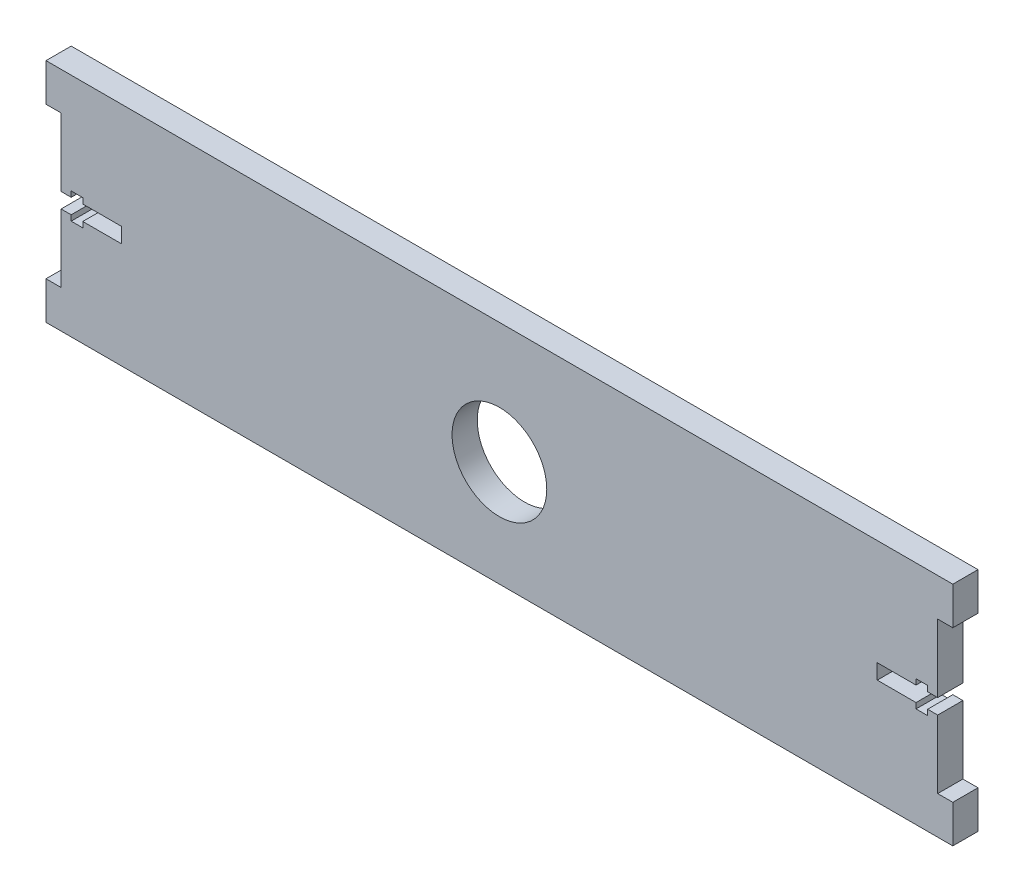
from build123d import *

# Parameters (mm, degrees)
ESQUISSE1_R        = 9.4
BOSS_EXTRU_1_DEPTH = 5


with BuildPart() as part:
    # Esquisse1 → Boss.-Extru.1 (new body)
    with BuildSketch(Plane.XY):
        Polygon((90, 45), (34.5, 45), (-34.5, 45), (-90, 45), (-90, 37.5), (-87, 37.5), (-87, 24), (-85, 24), (-85, 25.1), (-82.7, 25.1), (-82.7, 24), (-75, 24), (-75, 21), (-82.7, 21), (-82.7, 19.9), (-85, 19.9), (-85, 21), (-87, 21), (-87, 7.5), (-90, 7.5), (-90, 0), (90, 0), (90, 7.5), (87, 7.5), (87, 21), (85, 21), (85, 19.9), (82.7, 19.9), (82.7, 21), (75, 21), (75, 24), (82.7, 24), (82.7, 25.1), (85, 25.1), (85, 24), (87, 24), (87, 37.5), (90, 37.5), align=None)
        with Locations((0, 21)):
            Circle(ESQUISSE1_R, mode=Mode.SUBTRACT)
    extrude(amount=BOSS_EXTRU_1_DEPTH)


solid = part.part
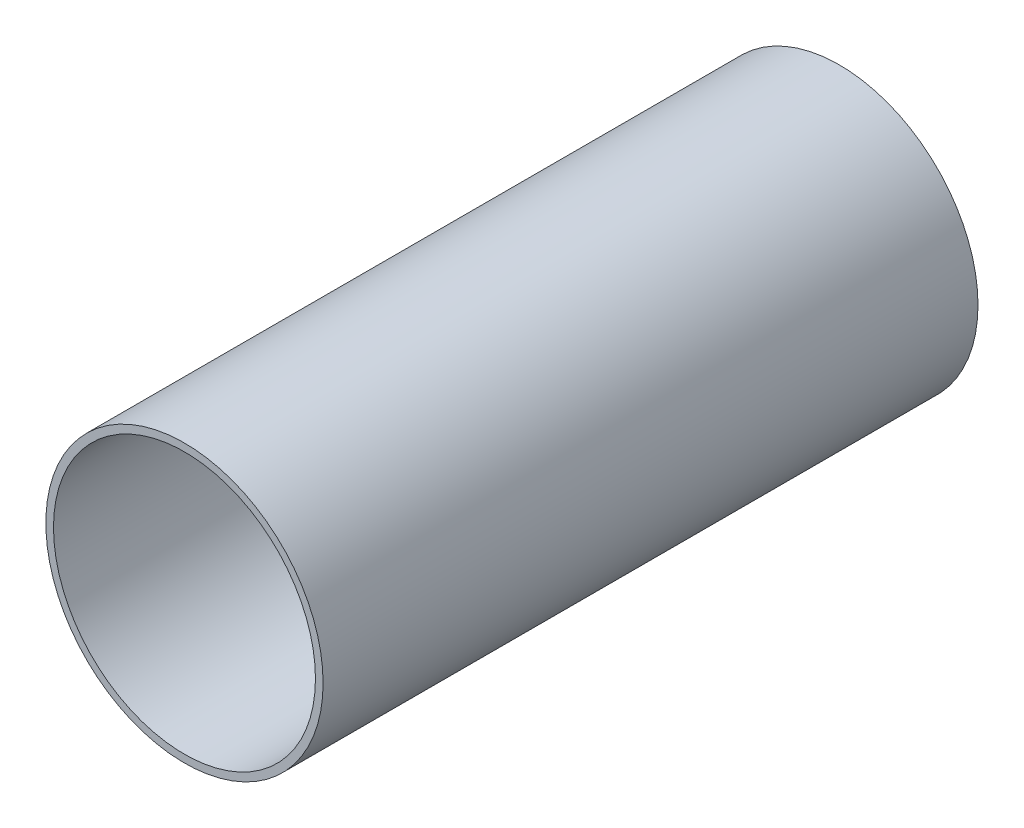
from build123d import *

# Parameters (mm, degrees)
SKETCH1_R           = 6.35
SKETCH1_R_2         = 6
BOSS_EXTRUDE1_DEPTH = 30


with BuildPart() as part:
    # Sketch1 → Boss-Extrude1 (new body)
    with BuildSketch(Plane.XY):
        Circle(SKETCH1_R)
        Circle(SKETCH1_R_2, mode=Mode.SUBTRACT)
    extrude(amount=BOSS_EXTRUDE1_DEPTH)


solid = part.part
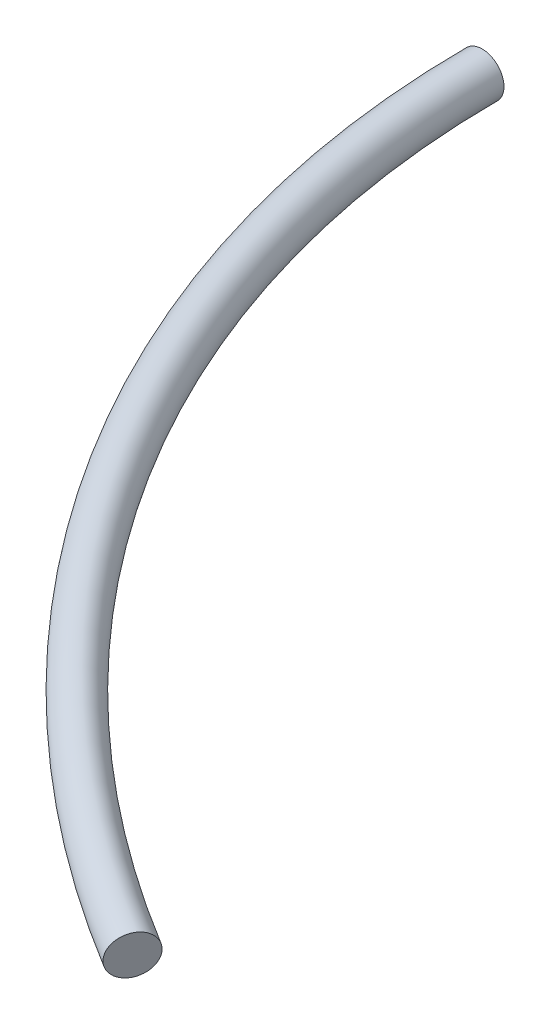
from build123d import *

# Parameters (mm, degrees)
SKETCH1_R = 50.8


with BuildPart() as part:
    # Sweep3: sweep along a path in Sketch3
    with BuildLine(Plane(origin=(-1859.811344962, -11288.564187286, 0), x_dir=(-0.5632230246374148, 0.09279201088692061, 0.821078234539099), z_dir=(0.16256037674540455, 0.9866985983127737, -4.6074255521944004e-15))) as sweep3_path:
        ThreePointArc((-2306.644542353, 3317.946085714), (-1536.680481473, 4244.171856115), (-1351.922350398, 5434.383293551))
    # Sketch1 → Sweep3 (sweep)
    with BuildSketch(Plane.XY):
        with Locations((2127.400365611, -11945.464520318)):
            Circle(SKETCH1_R)
    sweep(path=sweep3_path.line)


solid = part.part

*PROMPT*.
Reproduce the full listing faithfully, but do not carry over any pictures.

*SOLUTION TO THIS EXERCISE*.
from build123d import *

# Parameters (mm, degrees)
ESQUISSE1_R        = 9.4
BOSS_EXTRU_1_DEPTH = 5


with BuildPart() as part:
    # Esquisse1 → Boss.-Extru.1 (new body)
    with BuildSketch(Plane.XY):
        Polygon((90, 45), (34.5, 45), (-34.5, 45), (-90, 45), (-90, 37.5), (-87, 37.5), (-87, 24), (-85, 24), (-85, 25.1), (-82.7, 25.1), (-82.7, 24), (-75, 24), (-75, 21), (-82.7, 21), (-82.7, 19.9), (-85, 19.9), (-85, 21), (-87, 21), (-87, 7.5), (-90, 7.5), (-90, 0), (90, 0), (90, 7.5), (87, 7.5), (87, 21), (85, 21), (85, 19.9), (82.7, 19.9), (82.7, 21), (75, 21), (75, 24), (82.7, 24), (82.7, 25.1), (85, 25.1), (85, 24), (87, 24), (87, 37.5), (90, 37.5), align=None)
        with Locations((0, 21)):
            Circle(ESQUISSE1_R, mode=Mode.SUBTRACT)
    extrude(amount=BOSS_EXTRU_1_DEPTH)


solid = part.part
from build123d import *

# Parameters (mm, degrees)
SKETCH1_R           = 6.35
SKETCH1_R_2         = 6
BOSS_EXTRUDE1_DEPTH = 30


with BuildPart() as part:
    # Sketch1 → Boss-Extrude1 (new body)
    with BuildSketch(Plane.XY):
        Circle(SKETCH1_R)
        Circle(SKETCH1_R_2, mode=Mode.SUBTRACT)
    extrude(amount=BOSS_EXTRUDE1_DEPTH)


solid = part.part
from build123d import *

# Parameters (mm, degrees)
SKETCH1_R = 50.8


with BuildPart() as part:
    # Sweep3: sweep along a path in Sketch3
    with BuildLine(Plane(origin=(-1859.811344962, -11288.564187286, 0), x_dir=(-0.5632230246374148, 0.09279201088692061, 0.821078234539099), z_dir=(0.16256037674540455, 0.9866985983127737, -4.6074255521944004e-15))) as sweep3_path:
        ThreePointArc((-2306.644542353, 3317.946085714), (-1536.680481473, 4244.171856115), (-1351.922350398, 5434.383293551))
    # Sketch1 → Sweep3 (sweep)
    with BuildSketch(Plane.XY):
        with Locations((2127.400365611, -11945.464520318)):
            Circle(SKETCH1_R)
    sweep(path=sweep3_path.line)


solid = part.part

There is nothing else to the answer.